C’est un jour comme un autre, probablement un dimanche ou un mardi, car j’ai un cours dans le camp de Balata cet après-midi. Je me lève le matin au son du réveil de mon téléphone local, vieux d’au moins une décennie. Après avoir partagé un café aromatisé au cardamome avec mes colocataires, je gravis les quelques marches qui me séparent du bureau de Project Hope. « Sabah il-khir ! » Tous les matins, je recharge ma bonne humeur rien qu’en saluant mes collègues présents.
J’ai deux heures différentes avec des classes de maternelle, à 11 h. Je rencontre Haitem, le volontaire local qui m’accompagne ; il va m’aider à traduire ce que je dis aux enfants. Nous marchons ensemble tout en papotant. Aujourd’hui, j’ai prévu des activités consistant à fabriquer des monstres tout en répétant les parties du corps, les nombres et les couleurs. A chaque fois, ils me vident de toute mon énergie tout en me remplissant de joie.

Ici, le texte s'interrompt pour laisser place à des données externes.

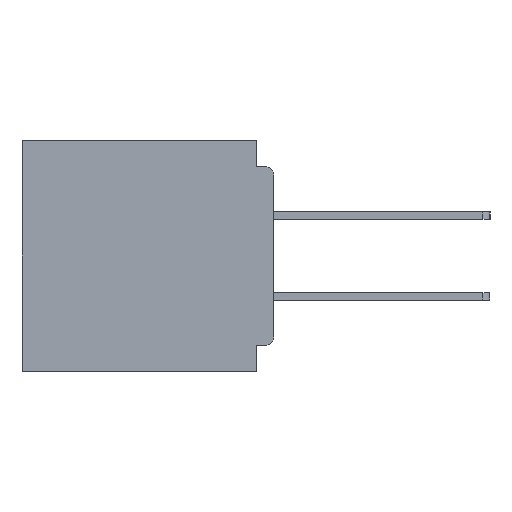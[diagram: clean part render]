
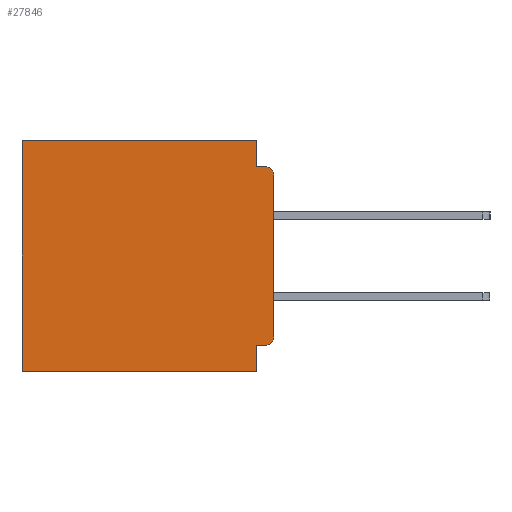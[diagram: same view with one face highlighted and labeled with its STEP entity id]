
A CAD part, left-side view. The second image highlights one B-rep face of the part: STEP entity #27846.
In plain terms, the highlighted planar face has unit normal (-1, 0, 0).
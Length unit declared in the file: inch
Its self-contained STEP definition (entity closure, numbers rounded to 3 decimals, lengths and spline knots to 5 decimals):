
#148 = CARTESIAN_POINT ( 'NONE',  ( 0.3, 0.015, -0.06 ) ) ;
#370 = CARTESIAN_POINT ( 'NONE',  ( 0.3, 0.437, 0. ) ) ;
#2222 = DIRECTION ( 'NONE',  ( -1., 0., 0. ) ) ;
#3084 = LINE ( 'NONE', #17756, #14117 ) ;
#3829 = ORIENTED_EDGE ( 'NONE', *, *, #47142, .T. ) ;
#3863 = VERTEX_POINT ( 'NONE', #21173 ) ;
#3965 = VERTEX_POINT ( 'NONE', #36801 ) ;
#4084 = DIRECTION ( 'NONE',  ( 0., 1., 0. ) ) ;
#4777 = CARTESIAN_POINT ( 'NONE',  ( 0.3, 0., -0.4 ) ) ;
#4827 = DIRECTION ( 'NONE',  ( 0., 0., -1. ) ) ;
#5121 = DIRECTION ( 'NONE',  ( 0., 0., -1. ) ) ;
#5340 = CARTESIAN_POINT ( 'NONE',  ( 0.3, 0.031, -0.4 ) ) ;
#6014 = DIRECTION ( 'NONE',  ( 0., 0., -1. ) ) ;
#6202 = VERTEX_POINT ( 'NONE', #58464 ) ;
#6446 = DIRECTION ( 'NONE',  ( 0., 0., -1. ) ) ;
#8129 = DIRECTION ( 'NONE',  ( 0., 1., 0. ) ) ;
#8219 = FACE_OUTER_BOUND ( 'NONE', #18675, .T. ) ;
#8409 = ORIENTED_EDGE ( 'NONE', *, *, #25496, .T. ) ;
#8430 = CARTESIAN_POINT ( 'NONE',  ( 0.3, 0.437, -0.4 ) ) ;
#9069 = EDGE_CURVE ( 'NONE', #32980, #31980, #3084, .T. ) ;
#9728 = LINE ( 'NONE', #8430, #31626 ) ;
#11045 = ORIENTED_EDGE ( 'NONE', *, *, #9069, .F. ) ;
#12975 = EDGE_CURVE ( 'NONE', #16356, #31980, #13580, .T. ) ;
#13580 = CIRCLE ( 'NONE', #41470, 0.015 ) ;
#14117 = VECTOR ( 'NONE', #59482, 39.37008 ) ;
#15694 = CARTESIAN_POINT ( 'NONE',  ( 0.3, 0.031, 0. ) ) ;
#15720 = VECTOR ( 'NONE', #6446, 39.37008 ) ;
#16356 = VERTEX_POINT ( 'NONE', #24507 ) ;
#17756 = CARTESIAN_POINT ( 'NONE',  ( 0.3, 0., -0.045 ) ) ;
#18298 = EDGE_CURVE ( 'NONE', #3863, #3965, #37959, .T. ) ;
#18468 = LINE ( 'NONE', #27446, #54051 ) ;
#18675 = EDGE_LOOP ( 'NONE', ( #52610, #22313, #11045, #22933, #3829, #35976, #39150, #58455, #46144, #8409 ) ) ;
#19287 = VERTEX_POINT ( 'NONE', #49854 ) ;
#19340 = LINE ( 'NONE', #43882, #28836 ) ;
#21173 = CARTESIAN_POINT ( 'NONE',  ( 0.3, 0.031, -0.355 ) ) ;
#21444 = EDGE_CURVE ( 'NONE', #55646, #32980, #41927, .T. ) ;
#22313 = ORIENTED_EDGE ( 'NONE', *, *, #12975, .T. ) ;
#22933 = ORIENTED_EDGE ( 'NONE', *, *, #21444, .F. ) ;
#24507 = CARTESIAN_POINT ( 'NONE',  ( 0.3, 0., -0.06 ) ) ;
#25496 = EDGE_CURVE ( 'NONE', #6202, #19287, #27447, .T. ) ;
#25932 = LINE ( 'NONE', #46203, #49155 ) ;
#27003 = DIRECTION ( 'NONE',  ( 0., 0., -1. ) ) ;
#27446 = CARTESIAN_POINT ( 'NONE',  ( 0.3, 0., -0.4 ) ) ;
#27447 = CIRCLE ( 'NONE', #48897, 0.015 ) ;
#27846 = ADVANCED_FACE ( 'NONE', ( #8219 ), #37628, .F. ) ;
#28836 = VECTOR ( 'NONE', #53194, 39.37008 ) ;
#30272 = CARTESIAN_POINT ( 'NONE',  ( 0.3, 0.015, -0.34 ) ) ;
#30326 = VECTOR ( 'NONE', #8129, 39.37008 ) ;
#31344 = CARTESIAN_POINT ( 'NONE',  ( 0.3, 0.437, -0.4 ) ) ;
#31626 = VECTOR ( 'NONE', #27003, 39.37008 ) ;
#31929 = AXIS2_PLACEMENT_3D ( 'NONE', #4777, #33977, #6014 ) ;
#31980 = VERTEX_POINT ( 'NONE', #56463 ) ;
#32844 = DIRECTION ( 'NONE',  ( -1., 0., 0. ) ) ;
#32980 = VERTEX_POINT ( 'NONE', #39362 ) ;
#33977 = DIRECTION ( 'NONE',  ( 1., 0., 0. ) ) ;
#34873 = DIRECTION ( 'NONE',  ( 0., 0., -1. ) ) ;
#35976 = ORIENTED_EDGE ( 'NONE', *, *, #55838, .T. ) ;
#36801 = CARTESIAN_POINT ( 'NONE',  ( 0.3, 0.031, -0.4 ) ) ;
#37628 = PLANE ( 'NONE',  #31929 ) ;
#37959 = LINE ( 'NONE', #5340, #48832 ) ;
#39150 = ORIENTED_EDGE ( 'NONE', *, *, #56025, .F. ) ;
#39362 = CARTESIAN_POINT ( 'NONE',  ( 0.3, 0.031, -0.045 ) ) ;
#40695 = CARTESIAN_POINT ( 'NONE',  ( 0.3, 0., -0.355 ) ) ;
#41042 = EDGE_CURVE ( 'NONE', #16356, #19287, #25932, .T. ) ;
#41470 = AXIS2_PLACEMENT_3D ( 'NONE', #148, #32844, #4827 ) ;
#41927 = LINE ( 'NONE', #15694, #15720 ) ;
#43882 = CARTESIAN_POINT ( 'NONE',  ( 0.3, 0., 0. ) ) ;
#44718 = LINE ( 'NONE', #40695, #30326 ) ;
#46144 = ORIENTED_EDGE ( 'NONE', *, *, #54634, .F. ) ;
#46203 = CARTESIAN_POINT ( 'NONE',  ( 0.3, 0., -0.4 ) ) ;
#47142 = EDGE_CURVE ( 'NONE', #55646, #51351, #19340, .T. ) ;
#48832 = VECTOR ( 'NONE', #5121, 39.37008 ) ;
#48897 = AXIS2_PLACEMENT_3D ( 'NONE', #30272, #2222, #34873 ) ;
#48911 = CARTESIAN_POINT ( 'NONE',  ( 0.3, 0.031, 0. ) ) ;
#49155 = VECTOR ( 'NONE', #50880, 39.37008 ) ;
#49854 = CARTESIAN_POINT ( 'NONE',  ( 0.3, 0., -0.34 ) ) ;
#50506 = VERTEX_POINT ( 'NONE', #31344 ) ;
#50880 = DIRECTION ( 'NONE',  ( 0., 0., -1. ) ) ;
#51351 = VERTEX_POINT ( 'NONE', #370 ) ;
#52610 = ORIENTED_EDGE ( 'NONE', *, *, #41042, .F. ) ;
#53194 = DIRECTION ( 'NONE',  ( 0., 1., 0. ) ) ;
#54051 = VECTOR ( 'NONE', #4084, 39.37008 ) ;
#54634 = EDGE_CURVE ( 'NONE', #6202, #3863, #44718, .T. ) ;
#55646 = VERTEX_POINT ( 'NONE', #48911 ) ;
#55838 = EDGE_CURVE ( 'NONE', #51351, #50506, #9728, .T. ) ;
#56025 = EDGE_CURVE ( 'NONE', #3965, #50506, #18468, .T. ) ;
#56463 = CARTESIAN_POINT ( 'NONE',  ( 0.3, 0.015, -0.045 ) ) ;
#58455 = ORIENTED_EDGE ( 'NONE', *, *, #18298, .F. ) ;
#58464 = CARTESIAN_POINT ( 'NONE',  ( 0.3, 0.015, -0.355 ) ) ;
#59482 = DIRECTION ( 'NONE',  ( 0., -1., 0. ) ) ;

Après quelques heures de battement dans mon appartement, je me mets en route pour Balata. Je pars dans l’autre direction, cette fois, et me mets à marcher vers le centre-ville. En chemin, le marchand de légumes du coin de la rue me sourit et me salue. Je l’aime beaucoup, il m’apprend les noms de légumes en arabe. Une fois arrivée au centre commercial, je serre la main de Jihad, un autre volontaire local qui lui, traduira mon cours de français. Nous descendons au sous-sol pour prendre un taxi partagé. Ils attendent d’être pleins pour partir, c’est l’unique mode de transport ici. Le trajet coûte 2.5 shekels.
Mon arrivée au camp est toujours un moment excitant : chaque fois, je suis surprise par la différence d’ambiance entre ici et la ville, qui n’est qu’à quelques minutes de là. L’endroit est constamment bondé : 50’000 personnes se partagent 2 kilomètres carrés. Les gens me dévisagent, les enfants essaient tous de me saluer dans une langue étrangère. Certains volontaires affirment avoir été la cible de lancers de pierre, mais rien de la sorte ne m’est jamais arrivé. Je me sens en sécurité.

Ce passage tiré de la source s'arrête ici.